→ **Exercise details**
From the listing below, reproduce word for word the part that opens with the line containing "## iProperties" and closes with the line containing "0) x (0, 1, 0)"; reproduce nothing else.

→ **Data records**
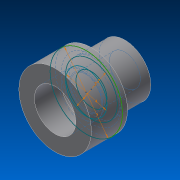
# Autodesk Inventor part: m.2 support
Saved by Autodesk Inventor 2015 (Build 190159000, 159)
## iProperties
Created: 2017-03-26
Part Number: m.2 support
Material: Generic
Document SubType Name: Modeling
Designer: ZigZagJoe
Density: 1 g/cm^3
Appearance: Default
Author: ZigZagJoe
Autodesk Inventor part; units mm, degrees
ref_plane "YZ Plane" through (0, 0, 0) normal (1, 0, 0) x (0, 1, 0)
ref_plane "XZ Plane" through (0, 0, 0) normal (0, 1, 0) x (-1, 0, 0)
ref_plane "XY Plane" through (0, 0, 0) normal (0, 0, 1) x (1, 0, 0)
sketch "Sketch1" plane through (0, 0, 0) normal (0, 1, 0) x (-1, 0, 0)
  circle A0 centre (0, 0) radius 3.5
  circle A1 centre (0, 0) radius 2
  dimension "d0" = 7
  dimension "d2" = 4
  constraints: 2 centre point, 1 coincident
  measures "d0" diameter of A0
  measures "d2" diameter of A1
extrude "Extrusion1" add sketch "Sketch1" against normal blind 3
extrude "Extrusion2" add sketch "Sketch1" along normal blind 0.5 contours A0 | A1
sketch "Sketch2" plane through (0, 0.5, 0) normal (0, 1, 0) x (1, 0, 0)
  circle A0 centre (0, 0) radius 2.5
  circle A1 centre (0, 0) radius 1.5
  dimension "d10" = 5
  dimension "d11" = 3
  constraints: 2 centre point, 2 coincident
  measures "d10" diameter of A0
  measures "d11" diameter of A1
extrude "Extrusion4" add sketch "Sketch2" along normal blind 3.25
fillet "Fillet1" radius 0.4 2 edges at (-2.5, 0.5, 0) (2, 0, 0)
extrude "Extrusion5" cut sketch "Sketch2" against normal blind 3.25 contours A1
body "Solid1"

→ **Response to the task**
## iProperties
Created: 2017-03-26
Part Number: m.2 support
Material: Generic
Document SubType Name: Modeling
Designer: ZigZagJoe
Density: 1 g/cm^3
Appearance: Default
Author: ZigZagJoe
Autodesk Inventor part; units mm, degrees
ref_plane "YZ Plane" through (0, 0, 0) normal (1, 0, 0) x (0, 1, 0)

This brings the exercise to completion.